Please retype all the data below exactly, line for line.

BEGIN Records for the exercise

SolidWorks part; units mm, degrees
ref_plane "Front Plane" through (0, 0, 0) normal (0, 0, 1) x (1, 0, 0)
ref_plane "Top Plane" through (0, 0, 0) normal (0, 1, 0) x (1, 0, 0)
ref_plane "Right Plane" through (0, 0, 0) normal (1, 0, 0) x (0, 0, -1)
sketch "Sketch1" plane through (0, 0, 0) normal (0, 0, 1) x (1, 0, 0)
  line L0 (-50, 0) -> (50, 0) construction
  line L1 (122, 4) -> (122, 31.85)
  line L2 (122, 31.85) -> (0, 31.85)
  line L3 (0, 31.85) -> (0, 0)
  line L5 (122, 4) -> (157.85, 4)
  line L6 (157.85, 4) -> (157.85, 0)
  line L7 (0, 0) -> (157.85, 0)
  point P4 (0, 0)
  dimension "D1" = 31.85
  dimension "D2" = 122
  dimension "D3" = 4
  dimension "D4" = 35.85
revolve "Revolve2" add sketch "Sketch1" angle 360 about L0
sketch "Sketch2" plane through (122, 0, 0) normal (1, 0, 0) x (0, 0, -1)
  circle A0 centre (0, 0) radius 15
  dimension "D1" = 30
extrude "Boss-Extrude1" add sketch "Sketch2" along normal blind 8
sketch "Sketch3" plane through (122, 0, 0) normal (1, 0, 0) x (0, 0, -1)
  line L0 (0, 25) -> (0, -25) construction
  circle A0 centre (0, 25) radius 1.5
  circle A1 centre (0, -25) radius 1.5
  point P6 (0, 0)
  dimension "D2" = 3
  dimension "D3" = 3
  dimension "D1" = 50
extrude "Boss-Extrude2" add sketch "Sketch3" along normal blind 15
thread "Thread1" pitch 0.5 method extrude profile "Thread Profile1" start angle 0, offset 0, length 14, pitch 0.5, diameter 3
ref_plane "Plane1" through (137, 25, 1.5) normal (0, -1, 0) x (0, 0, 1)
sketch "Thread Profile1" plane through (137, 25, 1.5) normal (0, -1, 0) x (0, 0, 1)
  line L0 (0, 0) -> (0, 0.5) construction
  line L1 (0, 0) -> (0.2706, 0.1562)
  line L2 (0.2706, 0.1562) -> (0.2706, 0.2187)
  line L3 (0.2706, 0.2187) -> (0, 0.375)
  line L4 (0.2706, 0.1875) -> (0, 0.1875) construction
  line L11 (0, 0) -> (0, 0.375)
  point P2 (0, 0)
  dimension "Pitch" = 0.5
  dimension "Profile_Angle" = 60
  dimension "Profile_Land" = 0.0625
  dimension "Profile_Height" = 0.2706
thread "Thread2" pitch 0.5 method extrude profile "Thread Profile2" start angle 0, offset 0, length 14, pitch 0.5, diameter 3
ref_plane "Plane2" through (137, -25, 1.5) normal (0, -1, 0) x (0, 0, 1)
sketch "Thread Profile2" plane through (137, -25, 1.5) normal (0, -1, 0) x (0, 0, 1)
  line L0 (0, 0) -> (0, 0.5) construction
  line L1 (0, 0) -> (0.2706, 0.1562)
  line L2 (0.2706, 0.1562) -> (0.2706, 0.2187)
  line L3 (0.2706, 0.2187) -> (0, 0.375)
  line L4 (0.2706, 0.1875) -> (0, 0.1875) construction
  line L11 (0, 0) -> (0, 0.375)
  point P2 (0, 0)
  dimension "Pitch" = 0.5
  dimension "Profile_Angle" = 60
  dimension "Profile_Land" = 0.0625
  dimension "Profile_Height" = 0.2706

END Records for the exercise

● **Final answer**:
SolidWorks part; units mm, degrees
ref_plane "Front Plane" through (0, 0, 0) normal (0, 0, 1) x (1, 0, 0)
ref_plane "Top Plane" through (0, 0, 0) normal (0, 1, 0) x (1, 0, 0)
ref_plane "Right Plane" through (0, 0, 0) normal (1, 0, 0) x (0, 0, -1)
sketch "Sketch1" plane through (0, 0, 0) normal (0, 0, 1) x (1, 0, 0)
  line L0 (-50, 0) -> (50, 0) construction
  line L1 (122, 4) -> (122, 31.85)
  line L2 (122, 31.85) -> (0, 31.85)
  line L3 (0, 31.85) -> (0, 0)
  line L5 (122, 4) -> (157.85, 4)
  line L6 (157.85, 4) -> (157.85, 0)
  line L7 (0, 0) -> (157.85, 0)
  point P4 (0, 0)
  dimension "D1" = 31.85
  dimension "D2" = 122
  dimension "D3" = 4
  dimension "D4" = 35.85
revolve "Revolve2" add sketch "Sketch1" angle 360 about L0
sketch "Sketch2" plane through (122, 0, 0) normal (1, 0, 0) x (0, 0, -1)
  circle A0 centre (0, 0) radius 15
  dimension "D1" = 30
extrude "Boss-Extrude1" add sketch "Sketch2" along normal blind 8
sketch "Sketch3" plane through (122, 0, 0) normal (1, 0, 0) x (0, 0, -1)
  line L0 (0, 25) -> (0, -25) construction
  circle A0 centre (0, 25) radius 1.5
  circle A1 centre (0, -25) radius 1.5
  point P6 (0, 0)
  dimension "D2" = 3
  dimension "D3" = 3
  dimension "D1" = 50
extrude "Boss-Extrude2" add sketch "Sketch3" along normal blind 15
thread "Thread1" pitch 0.5 method extrude profile "Thread Profile1" start angle 0, offset 0, length 14, pitch 0.5, diameter 3
ref_plane "Plane1" through (137, 25, 1.5) normal (0, -1, 0) x (0, 0, 1)
sketch "Thread Profile1" plane through (137, 25, 1.5) normal (0, -1, 0) x (0, 0, 1)
  line L0 (0, 0) -> (0, 0.5) construction
  line L1 (0, 0) -> (0.2706, 0.1562)
  line L2 (0.2706, 0.1562) -> (0.2706, 0.2187)
  line L3 (0.2706, 0.2187) -> (0, 0.375)
  line L4 (0.2706, 0.1875) -> (0, 0.1875) construction
  line L11 (0, 0) -> (0, 0.375)
  point P2 (0, 0)
  dimension "Pitch" = 0.5
  dimension "Profile_Angle" = 60
  dimension "Profile_Land" = 0.0625
  dimension "Profile_Height" = 0.2706
thread "Thread2" pitch 0.5 method extrude profile "Thread Profile2" start angle 0, offset 0, length 14, pitch 0.5, diameter 3
ref_plane "Plane2" through (137, -25, 1.5) normal (0, -1, 0) x (0, 0, 1)
sketch "Thread Profile2" plane through (137, -25, 1.5) normal (0, -1, 0) x (0, 0, 1)
  line L0 (0, 0) -> (0, 0.5) construction
  line L1 (0, 0) -> (0.2706, 0.1562)
  line L2 (0.2706, 0.1562) -> (0.2706, 0.2187)
  line L3 (0.2706, 0.2187) -> (0, 0.375)
  line L4 (0.2706, 0.1875) -> (0, 0.1875) construction
  line L11 (0, 0) -> (0, 0.375)
  point P2 (0, 0)
  dimension "Pitch" = 0.5
  dimension "Profile_Angle" = 60
  dimension "Profile_Land" = 0.0625
  dimension "Profile_Height" = 0.2706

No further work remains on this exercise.